2. Hardware Scope: GPU vs TPU vs Accelerators vs CPU

Inference performance is highly dependent on hardware:

NVIDIA GPUs (A100, H100): H100 (80 GB) is the flagship, offering ~2x higher tokens-per-second on 7B models compared to A100 due to architectural improvements and FP8 support.
AMD GPUs (MI300X): Features 192 GB of HBM3 memory on a single package, beneficial for hosting 70B+ models without splitting.
Google TPUs (v4, v5e): TPU v5e is cost-optimized, offering up to 2.5x inference performance per dollar compared to TPU v4.
AI Accelerators (AWS Inferentia2, Habana Gaudi2): Focus on price-performance. Inferentia2 offers ~44% better cost-per-token than standard GPU instances.
High-Performance CPUs: Modern CPUs (Intel Xeon, AMD EPYC) can handle 7B-13B models with 4-bit quantization but are 10x-100x slower than GPUs.

3. Concurrency and Scaling Performance

LLM inference isn't just about single-stream speed. Increasing batch size improves total throughput until saturation but increases latency per request. Efficient engines like vLLM use "continuous batching" to keep GPUs near peak utilization even with many parallel streams.

4. Use Case Performance Considerations

Chatbots: Prioritize low Time-to-First-Token (TTFT) and streaming.
Code Generation: Stresses sequence length; benefits from FlashAttention.
RAG: Combines vector search with generation. Using a smaller 7B model with RAG can often be faster and more cost-effective than a 70B model without it.

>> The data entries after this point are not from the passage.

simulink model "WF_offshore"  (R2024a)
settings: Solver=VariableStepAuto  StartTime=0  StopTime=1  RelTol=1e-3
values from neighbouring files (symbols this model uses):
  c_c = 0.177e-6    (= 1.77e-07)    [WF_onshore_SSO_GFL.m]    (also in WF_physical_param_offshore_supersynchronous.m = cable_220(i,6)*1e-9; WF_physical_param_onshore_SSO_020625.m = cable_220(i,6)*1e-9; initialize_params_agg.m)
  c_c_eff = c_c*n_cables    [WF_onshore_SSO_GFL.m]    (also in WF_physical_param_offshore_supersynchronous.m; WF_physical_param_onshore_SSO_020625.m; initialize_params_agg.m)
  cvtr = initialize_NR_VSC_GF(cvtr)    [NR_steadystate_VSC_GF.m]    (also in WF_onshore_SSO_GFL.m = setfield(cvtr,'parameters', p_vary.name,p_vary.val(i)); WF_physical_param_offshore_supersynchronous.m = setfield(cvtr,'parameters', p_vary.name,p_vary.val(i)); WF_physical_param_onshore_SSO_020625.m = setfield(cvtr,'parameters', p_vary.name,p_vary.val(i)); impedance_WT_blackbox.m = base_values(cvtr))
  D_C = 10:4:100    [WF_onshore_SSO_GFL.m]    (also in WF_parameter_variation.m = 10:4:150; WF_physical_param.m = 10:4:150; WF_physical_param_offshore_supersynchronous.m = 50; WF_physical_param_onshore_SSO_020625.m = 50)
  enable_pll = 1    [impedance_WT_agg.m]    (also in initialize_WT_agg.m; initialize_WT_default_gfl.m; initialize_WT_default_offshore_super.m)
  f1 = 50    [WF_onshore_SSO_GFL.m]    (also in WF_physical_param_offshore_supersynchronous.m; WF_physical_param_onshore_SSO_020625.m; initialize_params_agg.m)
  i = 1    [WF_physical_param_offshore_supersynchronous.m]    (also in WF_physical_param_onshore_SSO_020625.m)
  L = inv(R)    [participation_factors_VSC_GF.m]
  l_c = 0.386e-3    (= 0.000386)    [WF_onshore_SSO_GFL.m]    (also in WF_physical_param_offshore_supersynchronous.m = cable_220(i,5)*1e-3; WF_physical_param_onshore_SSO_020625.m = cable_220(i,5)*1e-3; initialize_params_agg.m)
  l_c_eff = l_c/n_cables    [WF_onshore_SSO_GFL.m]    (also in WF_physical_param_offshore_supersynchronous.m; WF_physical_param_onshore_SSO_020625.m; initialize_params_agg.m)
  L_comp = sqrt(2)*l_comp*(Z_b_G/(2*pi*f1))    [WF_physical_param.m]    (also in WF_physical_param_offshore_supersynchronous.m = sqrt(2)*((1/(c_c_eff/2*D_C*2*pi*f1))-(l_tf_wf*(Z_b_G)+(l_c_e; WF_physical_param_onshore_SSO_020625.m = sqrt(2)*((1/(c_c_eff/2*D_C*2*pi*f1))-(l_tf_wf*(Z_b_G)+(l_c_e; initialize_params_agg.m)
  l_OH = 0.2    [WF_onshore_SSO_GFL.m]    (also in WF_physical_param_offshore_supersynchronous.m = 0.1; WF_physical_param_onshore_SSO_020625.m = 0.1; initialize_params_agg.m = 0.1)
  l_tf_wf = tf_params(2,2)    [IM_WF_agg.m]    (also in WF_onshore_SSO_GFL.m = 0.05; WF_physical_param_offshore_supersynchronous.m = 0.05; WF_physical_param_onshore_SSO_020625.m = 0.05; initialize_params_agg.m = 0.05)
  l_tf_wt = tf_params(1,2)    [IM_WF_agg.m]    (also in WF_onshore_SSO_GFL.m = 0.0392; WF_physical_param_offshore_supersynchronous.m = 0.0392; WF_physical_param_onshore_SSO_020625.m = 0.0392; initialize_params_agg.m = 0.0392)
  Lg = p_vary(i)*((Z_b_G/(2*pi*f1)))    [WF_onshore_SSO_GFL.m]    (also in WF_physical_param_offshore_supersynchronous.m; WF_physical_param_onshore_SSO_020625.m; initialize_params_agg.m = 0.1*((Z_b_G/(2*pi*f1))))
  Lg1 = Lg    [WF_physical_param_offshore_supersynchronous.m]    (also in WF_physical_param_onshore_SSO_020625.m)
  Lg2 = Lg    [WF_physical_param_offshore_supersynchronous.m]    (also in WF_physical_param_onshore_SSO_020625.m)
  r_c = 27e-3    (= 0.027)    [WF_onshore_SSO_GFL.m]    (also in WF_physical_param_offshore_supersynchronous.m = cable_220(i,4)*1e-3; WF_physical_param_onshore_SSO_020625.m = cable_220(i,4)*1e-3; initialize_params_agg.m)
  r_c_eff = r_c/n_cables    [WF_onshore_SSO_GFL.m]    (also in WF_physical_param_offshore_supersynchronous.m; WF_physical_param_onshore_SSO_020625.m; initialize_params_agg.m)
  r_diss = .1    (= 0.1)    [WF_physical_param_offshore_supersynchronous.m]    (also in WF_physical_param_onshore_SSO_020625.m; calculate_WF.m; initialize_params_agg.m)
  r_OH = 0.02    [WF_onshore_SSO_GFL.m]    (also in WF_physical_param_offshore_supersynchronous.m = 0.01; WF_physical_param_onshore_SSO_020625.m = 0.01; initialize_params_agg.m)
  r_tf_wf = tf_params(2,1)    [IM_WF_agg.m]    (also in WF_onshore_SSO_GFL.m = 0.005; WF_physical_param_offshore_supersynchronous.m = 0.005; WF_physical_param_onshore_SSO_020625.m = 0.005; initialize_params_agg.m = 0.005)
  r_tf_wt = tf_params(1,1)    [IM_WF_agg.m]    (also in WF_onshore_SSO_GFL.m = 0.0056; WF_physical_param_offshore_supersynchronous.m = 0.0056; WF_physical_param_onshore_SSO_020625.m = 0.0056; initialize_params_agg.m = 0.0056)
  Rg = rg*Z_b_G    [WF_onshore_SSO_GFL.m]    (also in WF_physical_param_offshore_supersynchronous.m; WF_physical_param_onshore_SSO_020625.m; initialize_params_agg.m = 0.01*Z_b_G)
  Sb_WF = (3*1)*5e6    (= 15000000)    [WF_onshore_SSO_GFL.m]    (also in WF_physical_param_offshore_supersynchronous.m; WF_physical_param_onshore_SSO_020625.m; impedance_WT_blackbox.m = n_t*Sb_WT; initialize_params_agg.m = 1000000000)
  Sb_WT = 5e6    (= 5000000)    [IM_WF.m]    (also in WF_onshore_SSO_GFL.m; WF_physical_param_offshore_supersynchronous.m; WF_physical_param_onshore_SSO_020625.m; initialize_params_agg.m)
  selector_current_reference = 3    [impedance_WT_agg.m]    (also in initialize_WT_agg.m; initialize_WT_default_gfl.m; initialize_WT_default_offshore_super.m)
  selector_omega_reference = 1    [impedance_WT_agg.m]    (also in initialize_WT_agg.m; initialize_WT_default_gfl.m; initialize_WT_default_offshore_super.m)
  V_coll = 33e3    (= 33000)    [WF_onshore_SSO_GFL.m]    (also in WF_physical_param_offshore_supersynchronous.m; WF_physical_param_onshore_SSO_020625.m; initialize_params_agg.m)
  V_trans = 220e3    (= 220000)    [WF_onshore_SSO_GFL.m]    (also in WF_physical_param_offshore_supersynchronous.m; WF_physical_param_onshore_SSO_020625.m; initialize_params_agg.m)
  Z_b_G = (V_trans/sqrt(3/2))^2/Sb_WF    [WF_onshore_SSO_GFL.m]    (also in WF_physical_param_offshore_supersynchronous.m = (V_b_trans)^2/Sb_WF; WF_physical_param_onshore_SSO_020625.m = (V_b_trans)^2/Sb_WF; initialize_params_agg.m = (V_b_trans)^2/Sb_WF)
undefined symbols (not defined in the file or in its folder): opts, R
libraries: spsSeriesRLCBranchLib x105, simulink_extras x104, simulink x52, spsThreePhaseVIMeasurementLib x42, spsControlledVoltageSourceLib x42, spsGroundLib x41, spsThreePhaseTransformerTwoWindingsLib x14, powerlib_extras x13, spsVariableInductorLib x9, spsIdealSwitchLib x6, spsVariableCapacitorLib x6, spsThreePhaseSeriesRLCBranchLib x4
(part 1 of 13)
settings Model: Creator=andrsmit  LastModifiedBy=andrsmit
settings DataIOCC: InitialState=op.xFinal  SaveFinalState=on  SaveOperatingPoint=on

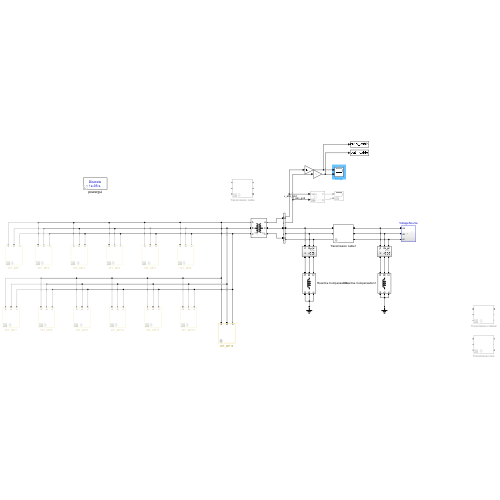
[thumbnail: Simulink's stored preview of the top-level diagram]
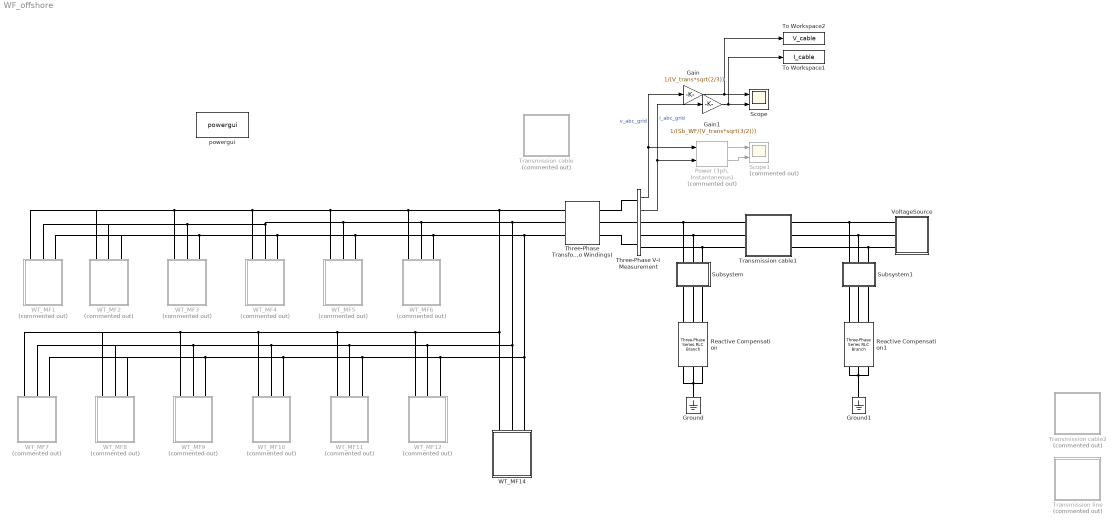
== system WF_offshore ==
  Gain : Gain  Gain=1/(V_trans*sqrt(2/3))
  Gain1 : Gain  Gain=1/(Sb_WF/(V_trans*sqrt(3/2)))
  Ground : spsGroundLib/Ground  LConnTagsString=a
  Ground1 : spsGroundLib/Ground  LConnTagsString=a
  "Power (3ph, Instantaneous)" : spsPower3phInstantaneousLib/Power (3ph, Instantaneous)  Commented=on
  Reactive Compensation : spsThreePhaseSeriesRLCBranchLib/Three-Phase Series RLC Branch  LConnTagsString=A|B|C  RConnTagsString=A|B|C  BranchType=L  Resistance=100  Inductance=L_comp  Capacitance=1e-6  Measurements=None
  Reactive Compensation1 : spsThreePhaseSeriesRLCBranchLib/Three-Phase Series RLC Branch  LConnTagsString=A|B|C  RConnTagsString=A|B|C  BranchType=L  Resistance=100  Inductance=L_comp  Capacitance=1e-6  Measurements=None
  Scope : Scope  NumInputPorts=2
  Scope1 : Scope  Commented=on  NumInputPorts=2
  Subsystem : Subsystem
  Subsystem1 : Subsystem
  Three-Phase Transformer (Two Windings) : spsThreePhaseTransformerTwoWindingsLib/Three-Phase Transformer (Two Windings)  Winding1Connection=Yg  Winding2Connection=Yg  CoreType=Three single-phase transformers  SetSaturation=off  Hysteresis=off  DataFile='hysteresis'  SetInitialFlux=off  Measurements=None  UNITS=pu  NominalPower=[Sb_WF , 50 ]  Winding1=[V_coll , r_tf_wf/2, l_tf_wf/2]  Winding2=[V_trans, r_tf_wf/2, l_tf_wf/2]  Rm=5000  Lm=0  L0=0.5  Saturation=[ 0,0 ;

5. Latest Benchmarks and Trends (2024)

Quantization: FP8/INT8/INT4 are now standard for high-speed deployment.
Expert Mixture (MoE): Models like Mixtral-8x7B provide 70B-level quality with much higher throughput by only activating a subset of parameters.
Cost Efficiency: A major shift towards measuring "throughput per dollar" rather than just raw speed.

Sources: MLPerf v4.0/4.1, NVIDIA, AMD, AWS, Google Cloud, Argonne National Lab.

You should read the original English version if you are interested.

After reading these, I felt I wanted more, so I let o3-mini-high use its search function to conduct a "fact-check." The results are as follows:

Below is a detailed analysis of the article "LLM Inference Benchmarking: A Comprehensive Analysis," including a fact‐check of its key claims and an evaluation of the references cited.

Fact-Checking Key Claims:

Hardware Variability: The claim that smaller LLMs run on CPUs while larger ones need accelerators is accurate and matches industry practice.
Metrics: The discussion on TTFT and tokens/sec (e.g., ~95 tok/s on RTX 4090) aligns with current benchmarking data.
Frameworks: The comparison between engines like vLLM and TensorRT-LLM reflects current technical consensus regarding throughput versus ease of use.

Evaluation of References: The article cites 23 references, ranging from academic arXiv papers to authoritative industry blogs (Google Cloud, Dell, NVIDIA). The diversity of sources supports a balanced and well-grounded view.

I am not greedy; producing one such report every day is enough.